Source information –
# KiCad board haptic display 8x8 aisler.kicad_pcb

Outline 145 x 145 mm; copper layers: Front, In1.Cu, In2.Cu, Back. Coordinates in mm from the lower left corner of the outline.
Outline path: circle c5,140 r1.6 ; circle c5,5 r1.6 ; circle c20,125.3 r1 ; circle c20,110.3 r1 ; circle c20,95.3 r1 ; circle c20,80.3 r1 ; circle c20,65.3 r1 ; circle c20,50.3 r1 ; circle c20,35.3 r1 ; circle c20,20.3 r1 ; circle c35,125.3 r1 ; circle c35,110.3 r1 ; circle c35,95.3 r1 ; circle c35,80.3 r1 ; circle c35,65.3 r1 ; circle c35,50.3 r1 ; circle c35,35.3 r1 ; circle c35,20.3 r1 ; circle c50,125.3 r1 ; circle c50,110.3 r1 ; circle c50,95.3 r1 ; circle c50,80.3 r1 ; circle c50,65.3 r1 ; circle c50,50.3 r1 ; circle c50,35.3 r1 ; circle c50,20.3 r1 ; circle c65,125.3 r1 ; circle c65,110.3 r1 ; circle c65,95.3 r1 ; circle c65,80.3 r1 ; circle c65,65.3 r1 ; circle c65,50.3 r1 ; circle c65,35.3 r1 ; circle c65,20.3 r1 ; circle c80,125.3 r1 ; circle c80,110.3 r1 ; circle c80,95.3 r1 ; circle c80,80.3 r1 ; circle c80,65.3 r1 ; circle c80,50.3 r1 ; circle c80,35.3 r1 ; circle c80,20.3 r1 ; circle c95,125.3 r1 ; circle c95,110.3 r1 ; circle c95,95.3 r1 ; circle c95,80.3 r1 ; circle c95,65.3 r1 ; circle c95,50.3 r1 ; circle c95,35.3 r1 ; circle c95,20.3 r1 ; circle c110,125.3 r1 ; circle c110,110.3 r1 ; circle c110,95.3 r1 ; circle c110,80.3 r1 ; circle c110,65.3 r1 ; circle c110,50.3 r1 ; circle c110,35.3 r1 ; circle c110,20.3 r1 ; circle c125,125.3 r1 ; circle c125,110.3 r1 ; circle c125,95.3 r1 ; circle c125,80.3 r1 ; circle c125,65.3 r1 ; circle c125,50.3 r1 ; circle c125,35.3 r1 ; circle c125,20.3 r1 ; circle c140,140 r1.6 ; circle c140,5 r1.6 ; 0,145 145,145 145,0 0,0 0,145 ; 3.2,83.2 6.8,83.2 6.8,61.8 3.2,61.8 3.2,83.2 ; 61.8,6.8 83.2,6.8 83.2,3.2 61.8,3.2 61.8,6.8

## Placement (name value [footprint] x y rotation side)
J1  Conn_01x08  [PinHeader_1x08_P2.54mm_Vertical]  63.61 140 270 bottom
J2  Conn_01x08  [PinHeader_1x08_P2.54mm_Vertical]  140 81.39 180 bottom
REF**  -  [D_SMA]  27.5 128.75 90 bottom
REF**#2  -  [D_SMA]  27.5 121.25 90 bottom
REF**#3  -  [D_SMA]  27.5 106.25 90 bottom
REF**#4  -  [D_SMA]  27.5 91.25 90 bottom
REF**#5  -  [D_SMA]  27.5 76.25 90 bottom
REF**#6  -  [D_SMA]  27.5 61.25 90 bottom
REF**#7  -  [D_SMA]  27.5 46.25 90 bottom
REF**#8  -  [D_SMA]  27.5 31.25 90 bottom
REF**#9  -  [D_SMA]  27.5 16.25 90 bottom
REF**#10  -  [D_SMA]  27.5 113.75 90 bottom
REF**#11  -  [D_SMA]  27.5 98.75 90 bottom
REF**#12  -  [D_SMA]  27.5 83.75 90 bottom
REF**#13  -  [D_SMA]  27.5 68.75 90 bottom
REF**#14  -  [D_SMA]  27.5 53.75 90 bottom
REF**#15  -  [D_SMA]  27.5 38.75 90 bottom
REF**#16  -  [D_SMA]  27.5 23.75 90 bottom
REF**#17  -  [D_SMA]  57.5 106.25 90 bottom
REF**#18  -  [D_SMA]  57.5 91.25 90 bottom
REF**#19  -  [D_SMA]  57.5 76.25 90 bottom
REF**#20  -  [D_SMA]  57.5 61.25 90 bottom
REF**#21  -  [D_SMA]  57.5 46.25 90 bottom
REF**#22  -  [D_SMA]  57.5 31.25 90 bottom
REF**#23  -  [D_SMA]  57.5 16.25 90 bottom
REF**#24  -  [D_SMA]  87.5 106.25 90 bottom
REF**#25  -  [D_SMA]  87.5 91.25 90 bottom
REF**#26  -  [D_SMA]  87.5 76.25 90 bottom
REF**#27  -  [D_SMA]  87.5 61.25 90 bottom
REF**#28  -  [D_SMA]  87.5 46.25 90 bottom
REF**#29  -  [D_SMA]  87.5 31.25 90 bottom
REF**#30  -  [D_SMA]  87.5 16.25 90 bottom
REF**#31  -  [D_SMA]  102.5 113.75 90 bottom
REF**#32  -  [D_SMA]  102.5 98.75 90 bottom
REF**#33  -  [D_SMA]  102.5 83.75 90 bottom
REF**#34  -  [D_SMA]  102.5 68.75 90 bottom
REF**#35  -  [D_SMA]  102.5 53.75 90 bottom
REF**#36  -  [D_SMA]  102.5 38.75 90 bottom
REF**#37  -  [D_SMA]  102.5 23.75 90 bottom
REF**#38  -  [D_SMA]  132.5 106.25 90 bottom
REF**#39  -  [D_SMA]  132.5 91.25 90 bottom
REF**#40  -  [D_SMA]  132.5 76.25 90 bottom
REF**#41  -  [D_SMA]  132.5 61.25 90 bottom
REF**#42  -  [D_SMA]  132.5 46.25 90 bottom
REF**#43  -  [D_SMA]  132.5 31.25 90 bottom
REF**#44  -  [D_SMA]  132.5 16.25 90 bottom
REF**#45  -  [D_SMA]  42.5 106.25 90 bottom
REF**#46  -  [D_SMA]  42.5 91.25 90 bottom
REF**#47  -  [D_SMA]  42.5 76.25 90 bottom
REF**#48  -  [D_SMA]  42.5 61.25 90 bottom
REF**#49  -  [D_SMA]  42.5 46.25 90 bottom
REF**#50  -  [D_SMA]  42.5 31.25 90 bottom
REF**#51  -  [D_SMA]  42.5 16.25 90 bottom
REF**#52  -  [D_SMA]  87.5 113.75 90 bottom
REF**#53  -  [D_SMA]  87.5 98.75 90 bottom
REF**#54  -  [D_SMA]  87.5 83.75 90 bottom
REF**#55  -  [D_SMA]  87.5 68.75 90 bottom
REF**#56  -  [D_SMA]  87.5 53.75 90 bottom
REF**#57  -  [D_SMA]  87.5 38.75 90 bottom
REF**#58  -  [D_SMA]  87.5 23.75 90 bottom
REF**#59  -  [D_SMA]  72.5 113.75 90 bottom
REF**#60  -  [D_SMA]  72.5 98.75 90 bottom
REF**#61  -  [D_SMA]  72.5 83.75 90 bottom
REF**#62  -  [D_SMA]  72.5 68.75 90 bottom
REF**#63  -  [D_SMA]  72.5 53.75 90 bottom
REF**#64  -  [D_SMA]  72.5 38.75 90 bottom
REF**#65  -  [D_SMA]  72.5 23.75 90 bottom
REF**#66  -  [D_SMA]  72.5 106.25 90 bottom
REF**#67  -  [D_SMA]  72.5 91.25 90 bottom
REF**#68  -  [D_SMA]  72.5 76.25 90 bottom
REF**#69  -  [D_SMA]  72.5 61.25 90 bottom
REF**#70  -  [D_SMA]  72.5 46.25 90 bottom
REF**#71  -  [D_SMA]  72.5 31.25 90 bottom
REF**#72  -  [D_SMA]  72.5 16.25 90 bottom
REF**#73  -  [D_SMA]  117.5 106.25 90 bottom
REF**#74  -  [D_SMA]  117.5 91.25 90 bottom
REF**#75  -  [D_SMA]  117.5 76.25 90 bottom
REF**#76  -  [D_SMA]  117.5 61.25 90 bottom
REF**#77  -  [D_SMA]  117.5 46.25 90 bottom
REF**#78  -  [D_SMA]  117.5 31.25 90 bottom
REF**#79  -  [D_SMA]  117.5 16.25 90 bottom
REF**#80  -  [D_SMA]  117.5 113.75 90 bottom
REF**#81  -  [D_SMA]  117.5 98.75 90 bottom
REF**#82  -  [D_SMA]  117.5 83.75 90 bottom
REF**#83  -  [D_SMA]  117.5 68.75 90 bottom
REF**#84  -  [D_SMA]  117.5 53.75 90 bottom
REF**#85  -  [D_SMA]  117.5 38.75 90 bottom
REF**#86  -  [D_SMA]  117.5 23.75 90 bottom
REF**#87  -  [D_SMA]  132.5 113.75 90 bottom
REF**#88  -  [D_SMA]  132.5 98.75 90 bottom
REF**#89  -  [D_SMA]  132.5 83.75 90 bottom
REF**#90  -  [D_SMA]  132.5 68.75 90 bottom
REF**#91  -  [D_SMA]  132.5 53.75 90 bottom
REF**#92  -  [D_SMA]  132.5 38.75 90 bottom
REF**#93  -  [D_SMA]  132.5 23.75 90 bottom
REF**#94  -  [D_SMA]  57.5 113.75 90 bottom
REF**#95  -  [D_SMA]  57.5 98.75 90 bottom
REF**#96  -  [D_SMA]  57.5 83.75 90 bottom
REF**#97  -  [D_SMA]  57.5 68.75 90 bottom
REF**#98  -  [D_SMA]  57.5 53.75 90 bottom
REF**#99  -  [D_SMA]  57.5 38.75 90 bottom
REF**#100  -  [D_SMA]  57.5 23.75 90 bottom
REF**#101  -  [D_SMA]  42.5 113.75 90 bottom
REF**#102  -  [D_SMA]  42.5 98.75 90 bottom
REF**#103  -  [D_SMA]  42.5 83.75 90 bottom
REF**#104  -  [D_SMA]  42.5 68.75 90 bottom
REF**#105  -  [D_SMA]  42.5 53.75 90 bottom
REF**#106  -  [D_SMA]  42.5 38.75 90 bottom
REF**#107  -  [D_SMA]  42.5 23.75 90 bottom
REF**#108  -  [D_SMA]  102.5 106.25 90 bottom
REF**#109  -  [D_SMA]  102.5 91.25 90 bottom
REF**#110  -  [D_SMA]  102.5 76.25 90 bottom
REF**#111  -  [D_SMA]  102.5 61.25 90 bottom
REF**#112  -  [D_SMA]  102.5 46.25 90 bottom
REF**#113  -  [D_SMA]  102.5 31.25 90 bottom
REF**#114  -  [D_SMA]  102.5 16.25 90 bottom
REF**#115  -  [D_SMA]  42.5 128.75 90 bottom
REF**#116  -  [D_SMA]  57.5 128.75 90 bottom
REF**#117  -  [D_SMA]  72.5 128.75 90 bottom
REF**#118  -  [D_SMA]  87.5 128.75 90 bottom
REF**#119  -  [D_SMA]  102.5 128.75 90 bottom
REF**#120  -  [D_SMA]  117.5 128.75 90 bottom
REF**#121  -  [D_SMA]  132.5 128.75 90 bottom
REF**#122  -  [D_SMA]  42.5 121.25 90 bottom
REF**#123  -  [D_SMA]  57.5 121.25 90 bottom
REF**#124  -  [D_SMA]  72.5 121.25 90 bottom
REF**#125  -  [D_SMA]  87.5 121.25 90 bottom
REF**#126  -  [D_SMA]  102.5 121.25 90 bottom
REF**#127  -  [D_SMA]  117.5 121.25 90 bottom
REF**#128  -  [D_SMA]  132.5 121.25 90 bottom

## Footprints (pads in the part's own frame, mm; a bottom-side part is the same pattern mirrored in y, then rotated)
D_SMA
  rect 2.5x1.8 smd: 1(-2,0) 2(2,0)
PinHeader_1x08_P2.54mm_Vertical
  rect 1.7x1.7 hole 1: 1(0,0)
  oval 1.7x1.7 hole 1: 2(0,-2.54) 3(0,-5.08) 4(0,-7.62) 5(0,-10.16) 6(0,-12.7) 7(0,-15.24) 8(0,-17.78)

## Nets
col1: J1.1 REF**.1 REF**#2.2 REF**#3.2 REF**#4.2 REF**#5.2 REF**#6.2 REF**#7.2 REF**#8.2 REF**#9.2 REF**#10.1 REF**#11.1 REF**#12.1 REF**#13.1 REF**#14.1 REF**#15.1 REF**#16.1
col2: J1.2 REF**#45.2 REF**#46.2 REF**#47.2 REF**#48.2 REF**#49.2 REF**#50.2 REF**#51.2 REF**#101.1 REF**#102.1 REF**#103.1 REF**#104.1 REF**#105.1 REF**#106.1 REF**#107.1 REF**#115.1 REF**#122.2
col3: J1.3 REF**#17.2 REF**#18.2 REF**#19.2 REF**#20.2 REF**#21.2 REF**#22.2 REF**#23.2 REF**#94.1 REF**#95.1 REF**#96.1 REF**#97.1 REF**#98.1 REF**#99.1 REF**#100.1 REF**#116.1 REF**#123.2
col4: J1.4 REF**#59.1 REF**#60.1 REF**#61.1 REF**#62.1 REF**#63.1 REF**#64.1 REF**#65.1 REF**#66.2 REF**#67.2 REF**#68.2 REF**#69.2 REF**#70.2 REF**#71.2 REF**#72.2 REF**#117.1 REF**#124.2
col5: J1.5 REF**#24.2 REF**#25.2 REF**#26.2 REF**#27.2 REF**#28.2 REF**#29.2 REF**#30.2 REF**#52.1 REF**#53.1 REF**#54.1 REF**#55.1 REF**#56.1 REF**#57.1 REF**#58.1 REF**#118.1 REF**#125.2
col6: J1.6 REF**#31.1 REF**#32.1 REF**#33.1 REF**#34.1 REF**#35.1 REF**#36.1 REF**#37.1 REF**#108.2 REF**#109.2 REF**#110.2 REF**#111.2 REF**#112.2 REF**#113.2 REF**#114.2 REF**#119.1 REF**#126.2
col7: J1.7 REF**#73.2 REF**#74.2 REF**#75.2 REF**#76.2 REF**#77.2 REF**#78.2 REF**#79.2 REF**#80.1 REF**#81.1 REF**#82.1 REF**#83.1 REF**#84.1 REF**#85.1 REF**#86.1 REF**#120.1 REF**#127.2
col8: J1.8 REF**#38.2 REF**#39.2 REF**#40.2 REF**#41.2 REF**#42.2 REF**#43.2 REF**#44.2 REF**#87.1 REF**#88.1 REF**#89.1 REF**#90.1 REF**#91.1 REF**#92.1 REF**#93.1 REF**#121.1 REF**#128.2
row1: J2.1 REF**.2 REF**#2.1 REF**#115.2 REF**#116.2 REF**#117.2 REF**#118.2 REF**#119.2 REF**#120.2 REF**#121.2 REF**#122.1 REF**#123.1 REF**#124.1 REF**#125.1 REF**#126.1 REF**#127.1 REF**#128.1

Exercise instructions – Please state the number of lines in the data above that hold the word "hole", without any other text.

Solved problem – 2